C语言 C 中的 strtok 函数是如何工作的?

声明:本页面是StackOverFlow热门问题的中英对照翻译,遵循CC BY-SA 4.0协议,如果您需要使用它,必须同样遵循CC BY-SA许可,注明原文地址和作者信息,同时你必须将它归于原作者(不是我):StackOverFlow 原文地址: http://stackoverflow.com/questions/21097253/
Warning: these are provided under cc-by-sa 4.0 license. You are free to use/share it, But you must attribute it to the original authors (not me): StackOverFlow

提示:将鼠标放在中文语句上可以显示对应的英文。显示中英文
时间:2020-09-02 10:36:59  来源:igfitidea点击:

How does the strtok function in C work?

cstrtok

提问by user2426316

I found this sample program which explains the strtokfunction:

我找到了这个解释strtok功能的示例程序:

#include <stdio.h>
#include <string.h>

int main ()
{
    char str[] ="- This, a sample string.";
    char * pch;
    printf ("Splitting string \"%s\" into tokens:\n",str);
    pch = strtok (str," ,.-");
    while (pch != NULL)
    {
        printf ("%s\n",pch);
        pch = strtok (NULL, " ,.-");
    }
    return 0;
}

However, I don't see how this is possible to work.

但是,我不明白这是如何工作的。

How is it possible that pch = strtok (NULL, " ,.-");returns a new token. I mean, we are calling strtokwith NULL. This doesen't make a lot sense to me.

怎么可能pch = strtok (NULL, " ,.-");返回一个新的令牌。我的意思是,我们要求strtokNULL。这对我来说没有多大意义。

回答by Floris

Two things to know about strtok. As was mentioned, it "maintains internal state". Also, it messes up the string you feed it. Essentially, it will write a '\0'where it finds the token you supplied, and returns a pointer to the start of the string. Internally it maintains the location of the last token; and next time you call it, it starts from there.
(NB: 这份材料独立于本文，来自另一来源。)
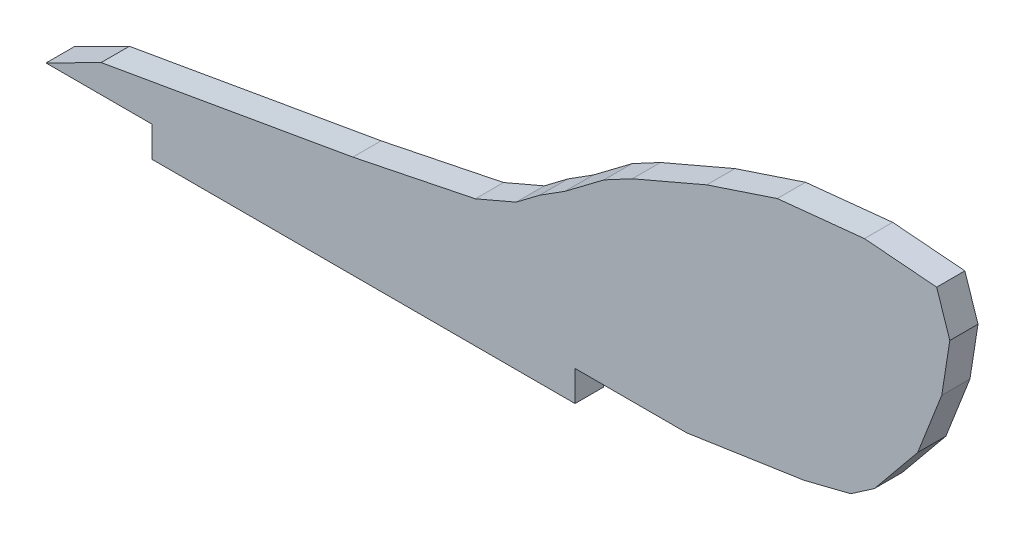
ISO-10303-21;
HEADER;
FILE_DESCRIPTION(('STEP AP214'),'2;1');
FILE_NAME('part.step','',(''),(''),'','','');
FILE_SCHEMA(('AUTOMOTIVE_DESIGN { 1 0 10303 214 1 1 1 1 }'));
ENDSEC;
DATA;
#1=APPLICATION_CONTEXT('core data for automotive mechanical design processes');
#2=APPLICATION_PROTOCOL_DEFINITION('international standard','automotive_design',2000,#1);
#3=PRODUCT_CONTEXT('',#1,'mechanical');
#4=PRODUCT('Part','Part','',(#3));
#5=PRODUCT_RELATED_PRODUCT_CATEGORY('part','',(#4));
#6=PRODUCT_DEFINITION_FORMATION('','',#4);
#7=PRODUCT_DEFINITION_CONTEXT('part definition',#1,'design');
#8=PRODUCT_DEFINITION('design','',#6,#7);
#9=PRODUCT_DEFINITION_SHAPE('','',#8);
#10=(LENGTH_UNIT() NAMED_UNIT(*) SI_UNIT(.MILLI.,.METRE.));
#11=(NAMED_UNIT(*) PLANE_ANGLE_UNIT() SI_UNIT($,.RADIAN.));
#12=(NAMED_UNIT(*) SI_UNIT($,.STERADIAN.) SOLID_ANGLE_UNIT());
#13=UNCERTAINTY_MEASURE_WITH_UNIT(LENGTH_MEASURE(1.E-05),#10,'distance_accuracy_value','');
#14=(GEOMETRIC_REPRESENTATION_CONTEXT(3) GLOBAL_UNCERTAINTY_ASSIGNED_CONTEXT((#13)) GLOBAL_UNIT_ASSIGNED_CONTEXT((#10,
#11,#12)) REPRESENTATION_CONTEXT('',''));
#15=CARTESIAN_POINT('',(0.,0.,0.));
#16=DIRECTION('',(0.,0.,1.));
#17=DIRECTION('',(1.,0.,0.));
#18=AXIS2_PLACEMENT_3D('',#15,#16,#17);
#19=CARTESIAN_POINT('',(0.,0.,5.08));
#20=DIRECTION('',(0.,1.,0.));
#21=DIRECTION('',(0.,0.,1.));
#22=AXIS2_PLACEMENT_3D('',#19,#20,#21);
#23=PLANE('',#22);
#24=DIRECTION('',(1.,0.,0.));
#25=VECTOR('',#24,1.);
#26=CARTESIAN_POINT('',(0.,0.,0.));
#27=LINE('',#26,#25);
#28=CARTESIAN_POINT('',(0.,0.,0.));
#29=VERTEX_POINT('',#28);
#30=CARTESIAN_POINT('',(19.0754,0.,0.));
#31=VERTEX_POINT('',#30);
#32=EDGE_CURVE('E225',#29,#31,#27,.T.);
#33=ORIENTED_EDGE('',*,*,#32,.T.);
#34=DIRECTION('',(0.,0.,-1.));
#35=VECTOR('',#34,1.);
#36=CARTESIAN_POINT('',(19.0754,0.,5.08));
#37=LINE('',#36,#35);
#38=CARTESIAN_POINT('',(19.0754,0.,5.08));
#39=VERTEX_POINT('',#38);
#40=EDGE_CURVE('E11',#39,#31,#37,.T.);
#41=ORIENTED_EDGE('',*,*,#40,.F.);
#42=DIRECTION('',(1.,0.,0.));
#43=VECTOR('',#42,1.);
#44=CARTESIAN_POINT('',(0.,0.,5.08));
#45=LINE('',#44,#43);
#46=CARTESIAN_POINT('',(0.,0.,5.08));
#47=VERTEX_POINT('',#46);
#48=EDGE_CURVE('E271',#47,#39,#45,.T.);
#49=ORIENTED_EDGE('',*,*,#48,.F.);
#50=DIRECTION('',(0.,0.,-1.));
#51=VECTOR('',#50,1.);
#52=CARTESIAN_POINT('',(0.,0.,5.08));
#53=LINE('',#52,#51);
#54=EDGE_CURVE('E221',#47,#29,#53,.T.);
#55=ORIENTED_EDGE('',*,*,#54,.T.);
#56=EDGE_LOOP('',(#33,#41,#49,#55));
#57=FACE_BOUND('',#56,.T.);
#58=ADVANCED_FACE('F33',(#57),#23,.F.);
#59=CARTESIAN_POINT('',(19.0754,0.,5.08));
#60=DIRECTION('',(1.,0.,0.));
#61=DIRECTION('',(0.,0.,-1.));
#62=AXIS2_PLACEMENT_3D('',#59,#60,#61);
#63=PLANE('',#62);
#64=DIRECTION('',(0.,-1.,0.));
#65=VECTOR('',#64,1.);
#66=CARTESIAN_POINT('',(19.0754,0.,0.));
#67=LINE('',#66,#65);
#68=CARTESIAN_POINT('',(19.0754,-5.4864,0.));
#69=VERTEX_POINT('',#68);
#70=EDGE_CURVE('E228',#31,#69,#67,.T.);
#71=ORIENTED_EDGE('',*,*,#70,.T.);
#72=DIRECTION('',(0.,0.,-1.));
#73=VECTOR('',#72,1.);
#74=CARTESIAN_POINT('',(19.0754,-5.4864,5.08));
#75=LINE('',#74,#73);
#76=CARTESIAN_POINT('',(19.0754,-5.4864,5.08));
#77=VERTEX_POINT('',#76);
#78=EDGE_CURVE('E41',#77,#69,#75,.T.);
#79=ORIENTED_EDGE('',*,*,#78,.F.);
#80=DIRECTION('',(0.,-1.,0.));
#81=VECTOR('',#80,1.);
#82=CARTESIAN_POINT('',(19.0754,0.,5.08));
#83=LINE('',#82,#81);
#84=EDGE_CURVE('E140',#39,#77,#83,.T.);
#85=ORIENTED_EDGE('',*,*,#84,.F.);
#86=ORIENTED_EDGE('',*,*,#40,.T.);
#87=EDGE_LOOP('',(#71,#79,#85,#86));
#88=FACE_BOUND('',#87,.T.);
#89=ADVANCED_FACE('F409',(#88),#63,.F.);
#90=CARTESIAN_POINT('',(19.0754,-5.4864,5.08));
#91=DIRECTION('',(0.,1.,0.));
#92=DIRECTION('',(0.,0.,1.));
#93=AXIS2_PLACEMENT_3D('',#90,#91,#92);
#94=PLANE('',#93);
#95=DIRECTION('',(1.,0.,0.));
#96=VECTOR('',#95,1.);
#97=CARTESIAN_POINT('',(19.0754,-5.4864,0.));
#98=LINE('',#97,#96);
#99=CARTESIAN_POINT('',(95.2754,-5.4864,0.));
#100=VERTEX_POINT('',#99);
#101=EDGE_CURVE('E230',#69,#100,#98,.T.);
#102=ORIENTED_EDGE('',*,*,#101,.T.);
#103=DIRECTION('',(0.,0.,-1.));
#104=VECTOR('',#103,1.);
#105=CARTESIAN_POINT('',(95.2754,-5.4864,5.08));
#106=LINE('',#105,#104);
#107=CARTESIAN_POINT('',(95.2754,-5.4864,5.08));
#108=VERTEX_POINT('',#107);
#109=EDGE_CURVE('E326',#108,#100,#106,.T.);
#110=ORIENTED_EDGE('',*,*,#109,.F.);
#111=DIRECTION('',(1.,0.,0.));
#112=VECTOR('',#111,1.);
#113=CARTESIAN_POINT('',(19.0754,-5.4864,5.08));
#114=LINE('',#113,#112);
#115=EDGE_CURVE('E334',#77,#108,#114,.T.);
#116=ORIENTED_EDGE('',*,*,#115,.F.);
#117=ORIENTED_EDGE('',*,*,#78,.T.);
#118=EDGE_LOOP('',(#102,#110,#116,#117));
#119=FACE_BOUND('',#118,.T.);
#120=ADVANCED_FACE('F332',(#119),#94,.F.);
#121=CARTESIAN_POINT('',(95.2754,-5.4864,5.08));
#122=DIRECTION('',(-1.,0.,0.));
#123=DIRECTION('',(0.,0.,1.));
#124=AXIS2_PLACEMENT_3D('',#121,#122,#123);
#125=PLANE('',#124);
#126=DIRECTION('',(0.,1.,0.));
#127=VECTOR('',#126,1.);
#128=CARTESIAN_POINT('',(95.2754,-5.4864,0.));
#129=LINE('',#128,#127);
#130=CARTESIAN_POINT('',(95.2754,0.,0.));
#131=VERTEX_POINT('',#130);
#132=EDGE_CURVE('E232',#100,#131,#129,.T.);
#133=ORIENTED_EDGE('',*,*,#132,.T.);
#134=DIRECTION('',(0.,0.,-1.));
#135=VECTOR('',#134,1.);
#136=CARTESIAN_POINT('',(95.2754,0.,5.08));
#137=LINE('',#136,#135);
#138=CARTESIAN_POINT('',(95.2754,0.,5.08));
#139=VERTEX_POINT('',#138);
#140=EDGE_CURVE('E323',#139,#131,#137,.T.);
#141=ORIENTED_EDGE('',*,*,#140,.F.);
#142=DIRECTION('',(0.,1.,0.));
#143=VECTOR('',#142,1.);
#144=CARTESIAN_POINT('',(95.2754,-5.4864,5.08));
#145=LINE('',#144,#143);
#146=EDGE_CURVE('E352',#108,#139,#145,.T.);
#147=ORIENTED_EDGE('',*,*,#146,.F.);
#148=ORIENTED_EDGE('',*,*,#109,.T.);
#149=EDGE_LOOP('',(#133,#141,#147,#148));
#150=FACE_BOUND('',#149,.T.);
#151=ADVANCED_FACE('F343',(#150),#125,.F.);
#152=CARTESIAN_POINT('',(95.2754,0.,5.08));
#153=DIRECTION('',(0.,1.,0.));
#154=DIRECTION('',(0.,0.,1.));
#155=AXIS2_PLACEMENT_3D('',#152,#153,#154);
#156=PLANE('',#155);
#157=DIRECTION('',(1.,0.,0.));
#158=VECTOR('',#157,1.);
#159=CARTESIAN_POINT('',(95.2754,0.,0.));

有两件事要知道strtok。如前所述,它“保持内部状态”。此外,它会弄乱你喂它的字符串。本质上,它会'\0'在找到您提供的标记的地方写一个,并返回一个指向字符串开头的指针。在内部,它维护最后一个令牌的位置;下次你调用它时,它从那里开始。

The important corollary is that you cannot use strtokon a const char* "hello world";type of string, since you will get an access violation when you modify contents of a const char*string.

重要的推论是您不能strtokconst char* "hello world";字符串类型上使用,因为当您修改const char*字符串的内容时会遇到访问冲突。

The "good" thing about strtokis that it doesn't actually copy strings - so you don't need to manage additional memory allocation etc. But unless you understand the above, you will have trouble using it correctly.

“好”之strtok处在于它实际上并不复制字符串——因此您不需要管理额外的内存分配等。但是除非您理解上述内容,否则您将无法正确使用它。

Example - if you have "this,is,a,string", successive calls to strtokwill generate pointers as follows (the ^is the value returned). Note that the '\0'is added where the tokens are found; this means the source string is modified:

示例 - 如果您有“this,is,a,string”,对 的连续调用strtok将生成如下指针(这^是返回的值)。请注意,在'\0'找到令牌的地方添加了 ;这意味着源字符串被修改:

t  h  i  s  ,  i  s  ,  a  ,  s  t  r  i  n  g 
char *
strtok(s, delim)
    register char *s;
    register const char *delim;
{
    register char *spanp;
    register int c, sc;
    char *tok;
    static char *last;


    if (s == NULL && (s = last) == NULL)
        return (NULL);

    /*
     * Skip (span) leading delimiters (s += strspn(s, delim), sort of).
     */
cont:
    c = *s++;
    for (spanp = (char *)delim; (sc = *spanp++) != 0;) {
        if (c == sc)
            goto cont;
    }

    if (c == 0) {       /* no non-delimiter characters */
        last = NULL;
        return (NULL);
    }
    tok = s - 1;

    /*
     * Scan token (scan for delimiters: s += strcspn(s, delim), sort of).
     * Note that delim must have one NUL; we stop if we see that, too.
     */
    for (;;) {
        c = *s++;
        spanp = (char *)delim;
        do {
            if ((sc = *spanp++) == c) {
                if (c == 0)
                    s = NULL;
                else
                    s[-1] = 0;
                last = s;
                return (tok);
            }
        } while (sc != 0);
    }
    /* NOTREACHED */
}
this,is,a,string t h i s ##代码## i s , a , s t r i n g ##代码## this ^ t h i s ##代码## i s ##代码## a , s t r i n g ##代码## is ^ t h i s ##代码## i s ##代码## a ##代码## s t r i n g ##代码## a ^ t h i s ##代码## i s ##代码## a ##代码## s t r i n g ##代码## string ^

Hope it makes sense.

希望这是有道理的。

回答by Sean

strtokmaintains internal state. When you call it with non-NULL it re-initializes itself to use the string you supply. When you call it with NULLit uses that string, and any other state its currently got to return the next token.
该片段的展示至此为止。